I pointed you to a particular section of the edgeR user's guide, yet it appears you haven't read that. I even gave you a link! One of the hallmarks of R and its help system is that almost always everything you need is right there, but it's usually pretty terse. So you have to understand that all the words matter, and you need to read and comprehend everything. Put a different way, my pointing you to a particular section of the edgeR User's Guide wasn't extraneous information.

So read that part of the User's Guide.

Another skill you will need to develop if you expect to go very far is the ability to answer your own question. It's completely OK that you don't know what the intercept is, in the context of an ANOVA type analysis. Like, lots of people don't know that! But it isn't OK that you are trying to do an analysis without knowing the answer to that question. It's actually fundamental and completely changes the interpretation of the coefficients, and how you define any contrasts you might make.

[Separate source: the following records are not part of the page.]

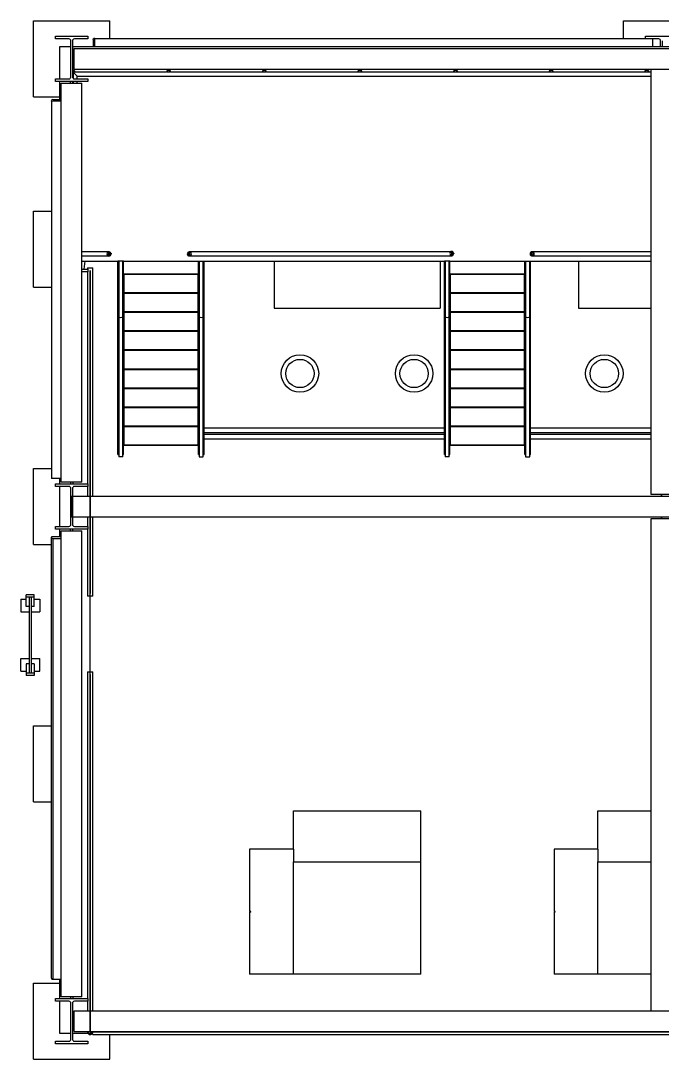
# Model space of a CAD drawing. Header units: inches. Extents: x -1490 to 2215, y -1057 to 1547.
# Drawn here: x -8.5 to 193.8, y 1086.5 to 1413.9 of the extents above; entities that cross this region are included whole.
import ezdxf

# ---------------------------------------------------------------- set-up
doc = ezdxf.new("R2010")
doc.units = ezdxf.units.IN
doc.header["$MEASUREMENT"] = 0

msp = doc.modelspace()

# ---------------------------------------------------------------- linework, layer by layer
at = {"color": 7, "linetype": 'Continuous', "lineweight": 25}
for p, q in [((-4.46, 1389.89), (-4.46, 1413.89)), ((-4.46, 1413.89), (19.54, 1413.89)), ((19.54, 1408.27), (19.54, 1413.89)), ((181.54, 1408.27), (181.54, 1413.89)), ((181.54, 1413.89), (205.54, 1413.89)), ((2.48, 1408.19), (2.48, 1409.05)), ((2.48, 1409.05), (12.61, 1409.05)), ((6.69, 1408.19), (2.48, 1408.19)), ((12.61, 1408.19), (8.4, 1408.19)), ((12.61, 1409.05), (12.61, 1408.19)), ((14.28, 1407.77), (14.28, 1405.69)), ((14.86, 1408.27), (14.66, 1408.27)), ((14.86, 1405.69), (14.86, 1408.27)), ((14.86, 1408.27), (188.48, 1408.27)), ((188.48, 1408.19), (188.48, 1409.05)), ((188.48, 1409.05), (198.61, 1409.05)), ((192.69, 1408.19), (188.48, 1408.19)), ((190.88, 1405.69), (190.88, 1408.19)), ((7.29, 1405.69), (3.75, 1405.69)), ((3.75, 1405.69), (3.75, 1395.59)), ((7.29, 1396.19), (7.29, 1407.59)), ((7.8, 1407.59), (7.8, 1396.19)), ((379.29, 1405.69), (7.8, 1405.69)), ((8.3, 1405.14), (378.79, 1405.14)), ((8.3, 1398.64), (8.3, 1405.14)), ((193.29, 1405.69), (193.29, 1407.59)), ((193.8, 1407.59), (193.8, 1405.69)), ((8.3, 1398.64), (378.79, 1398.64)), ((190.29, 1398.64), (196.79, 1398.64)), ((190.29, 1264.52), (190.29, 1398.64)), ((2.48, 1394.74), (2.48, 1395.59)), ((2.48, 1395.59), (6.69, 1395.59)), ((12.61, 1394.74), (2.48, 1394.74)), ((3.75, 1394.74), (3.75, 1389.08)), ((7.17, 1394.24), (7.17, 1394.74)), ((7.92, 1394.24), (7.92, 1394.74)), ((7.98, 1397.72), (7.98, 1397.19)), ((8.51, 1397.72), (7.98, 1397.72)), ((7.98, 1397.72), (9.3, 1396.4)), ((9.3, 1396.4), (7.98, 1397.72)), ((7.98, 1397.06), (7.98, 1395.76)), ((7.98, 1394.74), (7.98, 1394.24)), ((8.4, 1395.59), (12.61, 1395.59)), ((37.48, 1397.72), (8.64, 1397.72)), ((9.3, 1395.59), (9.3, 1396.4)), ((9.3, 1396.4), (190.29, 1396.4)), ((9.3, 1394.24), (9.3, 1394.74)), ((12.61, 1395.59), (12.61, 1394.74)), ((38.66, 1397.72), (37.62, 1397.72)), ((67.64, 1397.72), (38.8, 1397.72)), ((68.82, 1397.72), (67.77, 1397.72)), ((97.79, 1397.72), (68.95, 1397.72)), ((98.98, 1397.72), (97.93, 1397.72)), ((127.95, 1397.72), (99.11, 1397.72)), ((129.13, 1397.72), (128.08, 1397.72)), ((158.11, 1397.72), (129.26, 1397.72)), ((159.29, 1397.72), (158.24, 1397.72)), ((188.26, 1397.72), (159.42, 1397.72)), ((189.44, 1397.72), (188.39, 1397.72)), ((190.29, 1397.72), (189.58, 1397.72)), ((4.29, 1268.42), (4.29, 1394.24)), ((4.29, 1394.24), (10.79, 1394.24)), ((10.79, 1268.42), (10.79, 1394.24)), ((-4.46, 1389.89), (3.75, 1389.89)), ((1.17, 1388.52), (1.17, 1388.7)), ((4.29, 1388.52), (1.17, 1388.52)), ((1.17, 1388.52), (1.17, 1269.64)), ((1.67, 1389.08), (4.29, 1389.08)), ((-4.46, 1329.89), (-4.46, 1353.89)), ((-4.46, 1353.89), (1.17, 1353.89)), ((19.3, 1341.07), (10.79, 1341.07)), ((10.79, 1339.76), (19.07, 1339.76)), ((19.3, 1341.04), (19.3, 1341.07)), ((19.3, 1339.85), (19.3, 1340.9)), ((19.3, 1340.67), (19.73, 1340.67)), ((19.3, 1340.42), (19.82, 1340.42)), ((19.89, 1340.67), (19.96, 1340.67)), ((19.95, 1340.42), (19.96, 1340.42)), ((19.96, 1340.67), (19.96, 1340.42)), ((44.06, 1340.67), (44.06, 1340.65)), ((44.06, 1340.67), (44.07, 1340.67)), ((44.14, 1340.42), (44.67, 1340.42)), ((44.22, 1340.67), (44.67, 1340.67)), ((127.08, 1341.07), (44.67, 1341.07)), ((44.67, 1341.05), (44.67, 1341.07)), ((44.67, 1339.87), (44.67, 1340.92)), ((44.84, 1339.76), (127.4, 1339.76)), ((127.4, 1339.97), (127.4, 1341.02)), ((127.4, 1340.67), (127.9, 1340.67)), ((127.4, 1340.42), (127.92, 1340.42)), ((127.4, 1339.76), (127.4, 1339.84)), ((128.04, 1340.67), (128.06, 1340.67)), ((128.05, 1340.42), (128.06, 1340.42)), ((128.06, 1340.67), (128.06, 1340.55)), ((128.06, 1340.45), (128.06, 1340.42)), ((152.14, 1340.67), (152.14, 1340.58)), ((152.14, 1340.67), (152.17, 1340.67)), ((152.25, 1340.42), (152.77, 1340.42)), ((152.31, 1340.67), (152.77, 1340.67)), ((190.29, 1341.07), (152.77, 1341.07)), ((152.77, 1341.07), (152.77, 1341.07)), ((152.77, 1339.89), (152.77, 1340.94)), ((152.86, 1339.76), (190.29, 1339.76)), ((10.79, 1338.1), (22.16, 1338.1)), ((11.71, 1338.1), (11.43, 1335.59)), ((12.57, 1335.96), (12.57, 1335.59)), ((12.57, 1335.96), (13.4, 1335.96)), ((13.4, 1335.96), (14.23, 1335.96)), ((14.23, 1264.02), (14.23, 1335.96)), ((22.38, 1338.1), (22.16, 1338.1)), ((22.16, 1327.06), (22.16, 1338.1)), ((22.38, 1338.1), (22.38, 1320.62)), ((23.7, 1338.1), (22.38, 1338.1)), ((23.7, 1320.62), (23.7, 1338.1)), ((23.91, 1338.1), (23.7, 1338.1)), ((23.91, 1327.06), (23.91, 1338.1)), ((23.91, 1338.1), (47.54, 1338.1)), ((47.54, 1327.06), (47.54, 1338.1)), ((47.54, 1338.1), (47.75, 1338.1)), ((47.75, 1338.1), (47.75, 1320.62)), ((47.75, 1338.1), (49.07, 1338.1)), ((49.07, 1320.62), (49.07, 1338.1)), ((49.07, 1338.1), (49.29, 1338.1)), ((49.29, 1327.06), (49.29, 1338.1)), ((49.29, 1338.1), (125.09, 1338.1)), ((71.36, 1338.1), (71.36, 1323.25)), ((123.72, 1338.1), (123.72, 1323.25)), ((125.31, 1338.1), (125.09, 1338.1)), ((125.09, 1327.06), (125.09, 1338.1)), ((125.31, 1338.1), (125.31, 1320.62)), ((126.62, 1338.1), (125.31, 1338.1)), ((126.62, 1320.62), (126.62, 1338.1)), ((126.84, 1338.1), (126.62, 1338.1)), ((126.84, 1327.06), (126.84, 1338.1)), ((126.84, 1338.1), (150.46, 1338.1)), ((150.46, 1327.06), (150.46, 1338.1)), ((150.46, 1338.1), (150.68, 1338.1)), ((150.68, 1338.1), (150.68, 1320.62)), ((150.68, 1338.1), (152, 1338.1)), ((152, 1320.62), (152, 1338.1)), ((152, 1338.1), (152.21, 1338.1)), ((152.21, 1327.06), (152.21, 1338.1)), ((152.21, 1338.1), (190.29, 1338.1)), ((167.36, 1338.1), (167.36, 1323.25)), ((10.79, 1335.59), (12.61, 1335.59)), ((12.61, 1334.74), (10.79, 1334.74)), ((12.57, 1334.74), (12.57, 1267.92)), ((12.61, 1335.59), (12.61, 1334.74)), ((23.91, 1334.1), (23.97, 1334.1)), ((23.91, 1334.07), (23.97, 1334.07)), ((23.91, 1334.04), (23.97, 1334.04)), ((23.97, 1334.1), (23.97, 1334.04)), ((23.97, 1334.1), (47.48, 1334.1)), ((23.97, 1334.04), (47.48, 1334.04)), ((23.97, 1334.04), (23.97, 1328.25)), ((47.48, 1334.04), (47.48, 1334.1)), ((47.48, 1334.1), (47.54, 1334.1)), ((47.48, 1334.07), (47.54, 1334.07)), ((47.48, 1328.25), (47.48, 1334.04)), ((47.48, 1334.04), (47.54, 1334.04)), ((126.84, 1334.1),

If you don't understand that part, probably you don't understand lots of other things. Which is why the edgeR User's Guide exists, to help people understand things. I mean, it's long and boring and stuff, but statistics are complicated and boring too, so if you are going to want to do any statistical analyses you are going to have to deal with boring complicated things. So you should read that. Or maybe start with this F1000 paper, which goes through all the steps, and then use the edgeR User's Guide as an extra reference.

Reading and understanding that stuff will be way faster than asking me (or whomever) individual questions as they occur.

0
Entering edit mode

Ah, wait. My bad. Gordon changed that part of the User's Guide. So maybe I should pay better attention.

The error means you have too many coefficients for the number of samples, which I think is due to having three time points and pairing. That's probably pretty tricky. Do you care to know things like genes that vary between 24 hours and 0 hours that depend on the disease status? Or are you just interested in 24 hours vs 0 hours, within the controls and then within the diseased subjects?

0
Entering edit mode

No worries, I haven't read the paper you mentioned so will be reading that anyway! I am just interested in the latter - change over time within each group. I suspect I might have to create separate designs - one for control and one for disease and then subset the patients for each one, that way I can carry out all comparisons rather than just to baseline?

My initial question was to do with comparisons between groups at each time point but I think the way to go about that is to simply remove the patient effects, interestingly however the results don't correspond to the biology (compared to when I add patient effects) which is why I wanted to double check.

0
Entering edit mode

In that case just stratify. Analyze the controls and diseased data separately, for the between-timepoint analyses, and then combine for the between control and disease comparisons.

And the intercept in the context of an ANOVA (by which I mean any linear model that has only factors as independent variables, such as what you have) by default in R will be a baseline group (the first factor level), and any other coefficient is a comparison to that baseline. If you remove the intercept, all the coefficients are the means of each group, and you have to specify any comparison using a contrast. See ?contr.treatment

0
Entering edit mode

Woops - I edited my question before I saw your answer and looks like I am on the same wavelength (yay) - I had thought of doing the same aswell, thank you!

Just to clarify - when I compare between groups ie including all patients from control and disease and then compare C0 v D0 - do I include patient effects in this case or not? I don't seem to get any significant result back when I don't include it... but perhaps that's just the result.

1
Entering edit mode

You can't include patient when comparing C0 vs D0, because patients are nested within disease status. And if you get no significant result, that's either because there isn't any difference, or more likely because you don't have the power to detect any differences that do exist.